# Smoothing FFT result

I am trying to calculate the spectrum of Bremmstrahlung, which involves calculating the Fourier transformed acceleration. I am solving a non-linear ODE to numerically calculate the acceleration in the time domain. After taking the Fourier transformation using Numpy's fft, the resultant spectrum looks highly non-smooth and "non-physical" . I cannot paste the entire code so I am posting what I think is relevant snippet.

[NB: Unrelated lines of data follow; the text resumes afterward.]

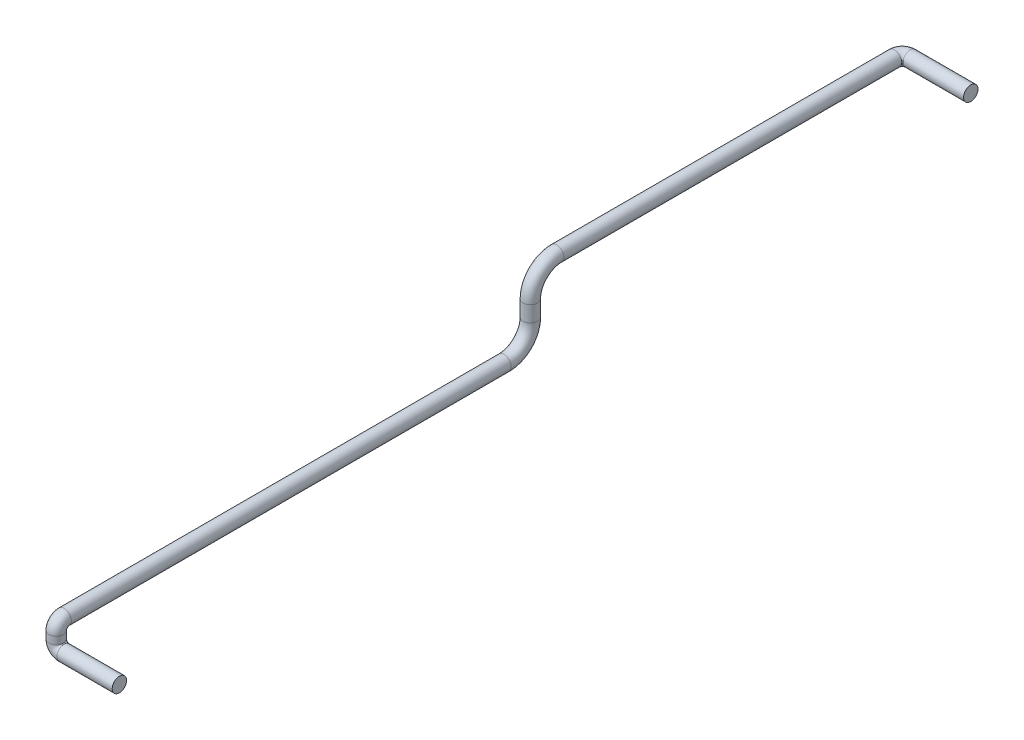
ISO-10303-21;
HEADER;
FILE_DESCRIPTION(('STEP AP214'),'2;1');
FILE_NAME('part.step','',(''),(''),'','','');
FILE_SCHEMA(('AUTOMOTIVE_DESIGN { 1 0 10303 214 1 1 1 1 }'));
ENDSEC;
DATA;
#1=APPLICATION_CONTEXT('core data for automotive mechanical design processes');
#2=APPLICATION_PROTOCOL_DEFINITION('international standard','automotive_design',2000,#1);
#3=PRODUCT_CONTEXT('',#1,'mechanical');
#4=PRODUCT('Part','Part','',(#3));
#5=PRODUCT_RELATED_PRODUCT_CATEGORY('part','',(#4));
#6=PRODUCT_DEFINITION_FORMATION('','',#4);
#7=PRODUCT_DEFINITION_CONTEXT('part definition',#1,'design');
#8=PRODUCT_DEFINITION('design','',#6,#7);
#9=PRODUCT_DEFINITION_SHAPE('','',#8);
#10=(LENGTH_UNIT() NAMED_UNIT(*) SI_UNIT(.MILLI.,.METRE.));
#11=(NAMED_UNIT(*) PLANE_ANGLE_UNIT() SI_UNIT($,.RADIAN.));
#12=(NAMED_UNIT(*) SI_UNIT($,.STERADIAN.) SOLID_ANGLE_UNIT());
#13=UNCERTAINTY_MEASURE_WITH_UNIT(LENGTH_MEASURE(1.E-05),#10,'distance_accuracy_value','');
#14=(GEOMETRIC_REPRESENTATION_CONTEXT(3) GLOBAL_UNCERTAINTY_ASSIGNED_CONTEXT((#13)) GLOBAL_UNIT_ASSIGNED_CONTEXT((#10,
#11,#12)) REPRESENTATION_CONTEXT('',''));
#15=CARTESIAN_POINT('',(0.,0.,0.));
#16=DIRECTION('',(0.,0.,1.));
#17=DIRECTION('',(1.,0.,0.));
#18=AXIS2_PLACEMENT_3D('',#15,#16,#17);
#19=CARTESIAN_POINT('',(0.,0.,0.));
#20=DIRECTION('',(1.,0.,0.));
#21=DIRECTION('',(0.,0.,-1.));
#22=AXIS2_PLACEMENT_3D('',#19,#20,#21);
#23=PLANE('',#22);
#24=CARTESIAN_POINT('',(0.,0.,0.));
#25=DIRECTION('',(1.,0.,0.));
#26=DIRECTION('',(0.,0.,-1.));
#27=AXIS2_PLACEMENT_3D('',#24,#25,#26);
#28=CIRCLE('',#27,13.7);
#29=CARTESIAN_POINT('',(0.,0.,-13.7));
#30=VERTEX_POINT('',#29);
#31=EDGE_CURVE('E49',#30,#30,#28,.T.);
#32=ORIENTED_EDGE('',*,*,#31,.T.);
#33=EDGE_LOOP('',(#32));
#34=FACE_BOUND('',#33,.T.);
#35=ADVANCED_FACE('F37',(#34),#23,.T.);
#36=CARTESIAN_POINT('',(10.0000000000003,174.,-1606.));
#37=DIRECTION('',(-1.,0.,0.));
#38=DIRECTION('',(0.,-1.,0.));
#39=AXIS2_PLACEMENT_3D('',#36,#37,#38);
#40=PLANE('',#39);
#41=CARTESIAN_POINT('',(10.0000000000003,174.,-1606.));
#42=DIRECTION('',(-1.,0.,0.));
#43=DIRECTION('',(0.,-1.,0.));
#44=AXIS2_PLACEMENT_3D('',#41,#42,#43);
#45=CIRCLE('',#44,13.7);
#46=CARTESIAN_POINT('',(10.0000000000003,160.3,-1606.));
#47=VERTEX_POINT('',#46);
#48=EDGE_CURVE('E11',#47,#47,#45,.T.);
#49=ORIENTED_EDGE('',*,*,#48,.F.);
#50=EDGE_LOOP('',(#49));
#51=FACE_BOUND('',#50,.T.);
#52=ADVANCED_FACE('F55',(#51),#40,.F.);
#53=CARTESIAN_POINT('',(0.,0.,0.));
#54=DIRECTION('',(-1.,0.,0.));
#55=DIRECTION('',(0.,0.,1.));
#56=AXIS2_PLACEMENT_3D('',#53,#54,#55);
#57=CYLINDRICAL_SURFACE('',#56,13.7);
#58=CARTESIAN_POINT('',(-105.,0.,0.));
#59=DIRECTION('',(1.,0.,0.));
#60=DIRECTION('',(0.,0.,-1.));
#61=AXIS2_PLACEMENT_3D('',#58,#59,#60);
#62=CIRCLE('',#61,13.7);
#63=CARTESIAN_POINT('',(-105.,-13.7,0.));
#64=VERTEX_POINT('',#63);
#65=EDGE_CURVE('E113',#64,#64,#62,.T.);
#66=ORIENTED_EDGE('',*,*,#65,.T.);
#67=EDGE_LOOP('',(#66));
#68=FACE_BOUND('',#67,.T.);
#69=ORIENTED_EDGE('',*,*,#31,.F.);
#70=EDGE_LOOP('',(#69));
#71=FACE_BOUND('',#70,.T.);
#72=ADVANCED_FACE('F57',(#68,#71),#57,.T.);
#73=CARTESIAN_POINT('',(-105.,15.,0.));
#74=DIRECTION('',(0.,0.,-1.));
#75=DIRECTION('',(-1.,0.,0.));
#76=AXIS2_PLACEMENT_3D('',#73,#74,#75);
#77=TOROIDAL_SURFACE('',#76,15.,13.7);
#78=CARTESIAN_POINT('',(-120.,15.,0.));
#79=DIRECTION('',(0.,-1.,0.));
#80=DIRECTION('',(0.,0.,-1.));
#81=AXIS2_PLACEMENT_3D('',#78,#79,#80);
#82=CIRCLE('',#81,13.7);
#83=CARTESIAN_POINT('',(-133.7,15.,0.));
#84=VERTEX_POINT('',#83);
#85=EDGE_CURVE('E110',#84,#84,#82,.T.);
#86=CARTESIAN_POINT('',(-105.,15.,0.));
#87=DIRECTION('',(0.,0.,-1.));
#88=DIRECTION('',(-1.,0.,0.));
#89=AXIS2_PLACEMENT_3D('',#86,#87,#88);
#90=CIRCLE('',#89,28.7);
#91=EDGE_CURVE('',#64,#84,#90,.T.);
#92=ORIENTED_EDGE('',*,*,#65,.F.);
#93=ORIENTED_EDGE('',*,*,#85,.T.);
#94=ORIENTED_EDGE('',*,*,#91,.T.);
#95=ORIENTED_EDGE('',*,*,#91,.F.);
#96=EDGE_LOOP('',(#92,#94,#93,#95));
#97=FACE_BOUND('',#96,.T.);
#98=ADVANCED_FACE('F62',(#97),#77,.T.);
#99=CARTESIAN_POINT('',(-120.,15.,0.));
#100=DIRECTION('',(0.,1.,0.));
#101=DIRECTION('',(0.,0.,1.));
#102=AXIS2_PLACEMENT_3D('',#99,#100,#101);
#103=CYLINDRICAL_SURFACE('',#102,13.7);
#104=CARTESIAN_POINT('',(-120.,29.,0.));
#105=DIRECTION('',(0.,-1.,0.));
#106=DIRECTION('',(0.,0.,-1.));
#107=AXIS2_PLACEMENT_3D('',#104,#105,#106);
#108=CIRCLE('',#107,13.7);
#109=CARTESIAN_POINT('',(-120.,29.,13.7));
#110=VERTEX_POINT('',#109);
#111=EDGE_CURVE('E115',#110,#110,#108,.T.);
#112=ORIENTED_EDGE('',*,*,#111,.T.);
#113=EDGE_LOOP('',(#112));
#114=FACE_BOUND('',#113,.T.);
#115=ORIENTED_EDGE('',*,*,#85,.F.);
#116=EDGE_LOOP('',(#115));
#117=FACE_BOUND('',#116,.T.);
#118=ADVANCED_FACE('F98',(#114,#117),#103,.T.);
#119=CARTESIAN_POINT('',(-120.,29.,-15.));
#120=DIRECTION('',(-1.,0.,0.));
#121=DIRECTION('',(0.,0.,1.));
#122=AXIS2_PLACEMENT_3D('',#119,#120,#121);
#123=TOROIDAL_SURFACE('',#122,15.,13.7);
#124=CARTESIAN_POINT('',(-120.,44.,-15.));
#125=DIRECTION('',(0.,0.,1.));
#126=DIRECTION('',(0.,-1.,0.));
#127=AXIS2_PLACEMENT_3D('',#124,#125,#126);
#128=CIRCLE('',#127,13.7);
#129=CARTESIAN_POINT('',(-120.,57.7,-15.));
#130=VERTEX_POINT('',#129);
#131=EDGE_CURVE('E121',#130,#130,#128,.T.);
#132=CARTESIAN_POINT('',(-120.,29.,-15.));
#133=DIRECTION('',(-1.,0.,0.));
#134=DIRECTION('',(0.,0.,1.));
#135=AXIS2_PLACEMENT_3D('',#132,#133,#134);
#136=CIRCLE('',#135,28.7);
#137=EDGE_CURVE('',#110,#130,#136,.T.);
#138=ORIENTED_EDGE('',*,*,#111,.F.);
#139=ORIENTED_EDGE('',*,*,#131,.T.);
#140=ORIENTED_EDGE('',*,*,#137,.T.);
#141=ORIENTED_EDGE('',*,*,#137,.F.);
#142=EDGE_LOOP('',(#138,#140,#139,#141));
#143=FACE_BOUND('',#142,.T.);
#144=ADVANCED_FACE('F94',(#143),#123,.T.);
#145=CARTESIAN_POINT('',(-120.,44.,-15.));
#146=DIRECTION('',(0.,0.,-1.));
#147=DIRECTION('',(0.,1.,0.));
#148=AXIS2_PLACEMENT_3D('',#145,#146,#147);
#149=CYLINDRICAL_SURFACE('',#148,13.7);
#150=CARTESIAN_POINT('',(-120.,44.0000000000001,-850.));
#151=DIRECTION('',(0.,0.,1.));
#152=DIRECTION('',(0.,-1.,0.));
#153=AXIS2_PLACEMENT_3D('',#150,#151,#152);
#154=CIRCLE('',#153,13.7);
#155=CARTESIAN_POINT('',(-120.,30.3000000000001,-850.));
#156=VERTEX_POINT('',#155);
#157=EDGE_CURVE('E124',#156,#156,#154,.T.);
#158=ORIENTED_EDGE('',*,*,#157,.T.);
#159=EDGE_LOOP('',(#158));
#160=FACE_BOUND('',#159,.T.);
#161=ORIENTED_EDGE('',*,*,#131,.F.);
#162=EDGE_LOOP('',(#161));
#163=FACE_BOUND('',#162,.T.);
#164=ADVANCED_FACE('F90',(#160,#163),#149,.T.);
#165=CARTESIAN_POINT('',(-120.,94.0000000000001,-850.));
#166=DIRECTION('',(1.,0.,0.));
#167=DIRECTION('',(0.,1.,0.));
#168=AXIS2_PLACEMENT_3D('',#165,#166,#167);
#169=TOROIDAL_SURFACE('',#168,50.,13.7);
#170=CARTESIAN_POINT('',(-120.,94.0000000000001,-900.));
#171=DIRECTION('',(0.,-1.,0.));
#172=DIRECTION('',(0.,0.,-1.));
#173=AXIS2_PLACEMENT_3D('',#170,#171,#172);
#174=CIRCLE('',#173,13.7);
#175=CARTESIAN_POINT('',(-120.,94.0000000000001,-913.7));
#176=VERTEX_POINT('',#175);
#177=EDGE_CURVE('E127',#176,#176,#174,.T.);
#178=CARTESIAN_POINT('',(-120.,94.0000000000001,-850.));
#179=DIRECTION('',(1.,0.,0.));
#180=DIRECTION('',(0.,1.,0.));
#181=AXIS2_PLACEMENT_3D('',#178,#179,#180);
#182=CIRCLE('',#181,63.7);
#183=EDGE_CURVE('',#156,#176,#182,.T.);
#184=ORIENTED_EDGE('',*,*,#157,.F.);
#185=ORIENTED_EDGE('',*,*,#177,.T.);
#186=ORIENTED_EDGE('',*,*,#183,.T.);
#187=ORIENTED_EDGE('',*,*,#183,.F.);
#188=EDGE_LOOP('',(#184,#186,#185,#187));
#189=FACE_BOUND('',#188,.T.);
#190=ADVANCED_FACE('F86',(#189),#169,.T.);
#191=CARTESIAN_POINT('',(-120.,94.0000000000001,-900.));
#192=DIRECTION('',(0.,1.,0.));
#193=DIRECTION('',(0.,0.,1.));
#194=AXIS2_PLACEMENT_3D('',#191,#192,#193);
#195=CYLINDRICAL_SURFACE('',#194,13.7);
#196=CARTESIAN_POINT('',(-120.,124.,-900.));
#197=DIRECTION('',(0.,-1.,0.));
#198=DIRECTION('',(0.,0.,-1.));
#199=AXIS2_PLACEMENT_3D('',#196,#197,#198);
#200=CIRCLE('',#199,13.7);
#201=CARTESIAN_POINT('',(-120.,124.,-886.3));
#202=VERTEX_POINT('',#201);
#203=EDGE_CURVE('E130',#202,#202,#200,.T.);
#204=ORIENTED_EDGE('',*,*,#203,.T.);
#205=EDGE_LOOP('',(#204));
#206=FACE_BOUND('',#205,.T.);
#207=ORIENTED_EDGE('',*,*,#177,.F.);
#208=EDGE_LOOP('',(#207));
#209=FACE_BOUND('',#208,.T.);
#210=ADVANCED_FACE('F82',(#206,#209),#195,.T.);
#211=CARTESIAN_POINT('',(-120.,124.,-950.));
#212=DIRECTION('',(-1.,0.,0.));
#213=DIRECTION('',(0.,0.,1.));
#214=AXIS2_PLACEMENT_3D('',#211,#212,#213);
#215=TOROIDAL_SURFACE('',#214,50.,13.7);
#216=CARTESIAN_POINT('',(-120.,174.,-950.));
#217=DIRECTION('',(0.,0.,1.));
#218=DIRECTION('',(0.,-1.,0.));
#219=AXIS2_PLACEMENT_3D('',#216,#217,#218);
#220=CIRCLE('',#219,13.7);
#221=CARTESIAN_POINT('',(-120.,187.7,-950.));
#222=VERTEX_POINT('',#221);
#223=EDGE_CURVE('E133',#222,#222,#220,.T.);
#224=CARTESIAN_POINT('',(-120.,124.,-950.));
#225=DIRECTION('',(-1.,0.,0.));
#226=DIRECTION('',(0.,0.,1.));
#227=AXIS2_PLACEMENT_3D('',#224,#225,#226);
#228=CIRCLE('',#227,63.7);
#229=EDGE_CURVE('',#202,#222,#228,.T.);
#230=ORIENTED_EDGE('',*,*,#203,.F.);
#231=ORIENTED_EDGE('',*,*,#223,.T.);
#232=ORIENTED_EDGE('',*,*,#229,.T.);
#233=ORIENTED_EDGE('',*,*,#229,.F.);
#234=EDGE_LOOP('',(#230,#232,#231,#233));
#235=FACE_BOUND('',#234,.T.);
#236=ADVANCED_FACE('F78',(#235),#215,.T.);
#237=CARTESIAN_POINT('',(-120.,174.,-950.));
#238=DIRECTION('',(0.,0.,-1.));
#239=DIRECTION('',(-1.,0.,0.));
#240=AXIS2_PLACEMENT_3D('',#237,#238,#239);
#241=CYLINDRICAL_SURFACE('',#240,13.7);
#242=CARTESIAN_POINT('',(-120.,174.,-1591.));
#243=DIRECTION('',(0.,0.,1.));
#244=DIRECTION('',(0.,-1.,0.));
#245=AXIS2_PLACEMENT_3D('',#242,#243,#244);
#246=CIRCLE('',#245,13.7);
#247=CARTESIAN_POINT('',(-133.7,174.,-1591.));
#248=VERTEX_POINT('',#247);
#249=EDGE_CURVE('E136',#248,#248,#246,.T.);
#250=ORIENTED_EDGE('',*,*,#249,.T.);
#251=EDGE_LOOP('',(#250));
#252=FACE_BOUND('',#251,.T.);
#253=ORIENTED_EDGE('',*,*,#223,.F.);
#254=EDGE_LOOP('',(#253));
#255=FACE_BOUND('',#254,.T.);
#256=ADVANCED_FACE('F72',(#252,#255),#241,.T.);
#257=CARTESIAN_POINT('',(-105.,174.,-1591.));
#258=DIRECTION('',(0.,-1.,0.));
#259=DIRECTION('',(1.,0.,0.));
#260=AXIS2_PLACEMENT_3D('',#257,#258,#259);
#261=TOROIDAL_SURFACE('',#260,14.9999999999999,13.7);
#262=CARTESIAN_POINT('',(-105.,174.,-1606.));
#263=DIRECTION('',(-1.,0.,0.));
#264=DIRECTION('',(0.,-1.,0.));
#265=AXIS2_PLACEMENT_3D('',#262,#263,#264);
#266=CIRCLE('',#265,13.7);
#267=CARTESIAN_POINT('',(-105.,174.,-1619.7));
#268=VERTEX_POINT('',#267);
#269=EDGE_CURVE('E44',#268,#268,#266,.T.);
#270=CARTESIAN_POINT('',(-105.,174.,-1591.));
#271=DIRECTION('',(0.,-1.,0.));
#272=DIRECTION('',(1.,0.,0.));
#273=AXIS2_PLACEMENT_3D('',#270,#271,#272);
#274=CIRCLE('',#273,28.6999999999999);
#275=EDGE_CURVE('',#248,#268,#274,.T.);
#276=ORIENTED_EDGE('',*,*,#249,.F.);
#277=ORIENTED_EDGE('',*,*,#269,.T.);
#278=ORIENTED_EDGE('',*,*,#275,.T.);
#279=ORIENTED_EDGE('',*,*,#275,.F.);
#280=EDGE_LOOP('',(#276,#278,#277,#279));
#281=FACE_BOUND('',#280,.T.);
#282=ADVANCED_FACE('F68',(#281),#261,.T.);
#283=CARTESIAN_POINT('',(-105.,174.,-1606.));
#284=DIRECTION('',(1.,0.,0.));
#285=DIRECTION('',(0.,0.,-1.));
#286=AXIS2_PLACEMENT_3D('',#283,#284,#285);
#287=CYLINDRICAL_SURFACE('',#286,13.7);
#288=ORIENTED_EDGE('',*,*,#48,.T.);
#289=EDGE_LOOP('',(#288));
#290=FACE_BOUND('',#289,.T.);
#291=ORIENTED_EDGE('',*,*,#269,.F.);
#292=EDGE_LOOP('',(#291));
#293=FACE_BOUND('',#292,.T.);
#294=ADVANCED_FACE('F52',(#290,#293),#287,.T.);
#295=CLOSED_SHELL('',(#35,#52,#72,#98,#118,#144,#164,#190,#210,#236,#256,#282,#294));
#296=MANIFOLD_SOLID_BREP('B2',#295);
#297=ADVANCED_BREP_SHAPE_REPRESENTATION('',(#18,#296),#14);
#298=SHAPE_DEFINITION_REPRESENTATION(#9,#297);
ENDSEC;
END-ISO-10303-21;

Can someone point out what I am doing wrong?

Note: My acceleration is a function of two variables (beta, and b, the impact parameter), and I want to plot it for the different b, and in order to factor out the beta term I am just summing over all the values of acceleration for the different beta, for a given impact parameter b.

Also my spectrum is Fourier transformed acceleration square times a constant factor (Larmor's formula)

'''
Fourier Transformation of the acceleration
'''
N = 2**8
sampling_frequency = 10
a_w_normalized = [[] for a in range(len(impact_parameter))]
a_w =[[] for a in range(len(impact_parameter))]
intensity_normalized = [[] for a in range(len(impact_parameter))]
acc_summed_over_velocity = []
intensity_summed_over_velocity =[]

for index,b in enumerate(impact_parameter):
acc_sum =[0 for x in range(N)]
intensity_sum = [0 for x in range(N)]
for j in range(len(velocity_z_component)):
#window_kaiser = signal.kaiser(N, 15)
#window_hann = signal.hann(N,sym=True)
window =1
fft_input = acc_normalized[index][j]*window
ft_acc_normalized = np.abs(np.fft.fft(fft_input,norm=None))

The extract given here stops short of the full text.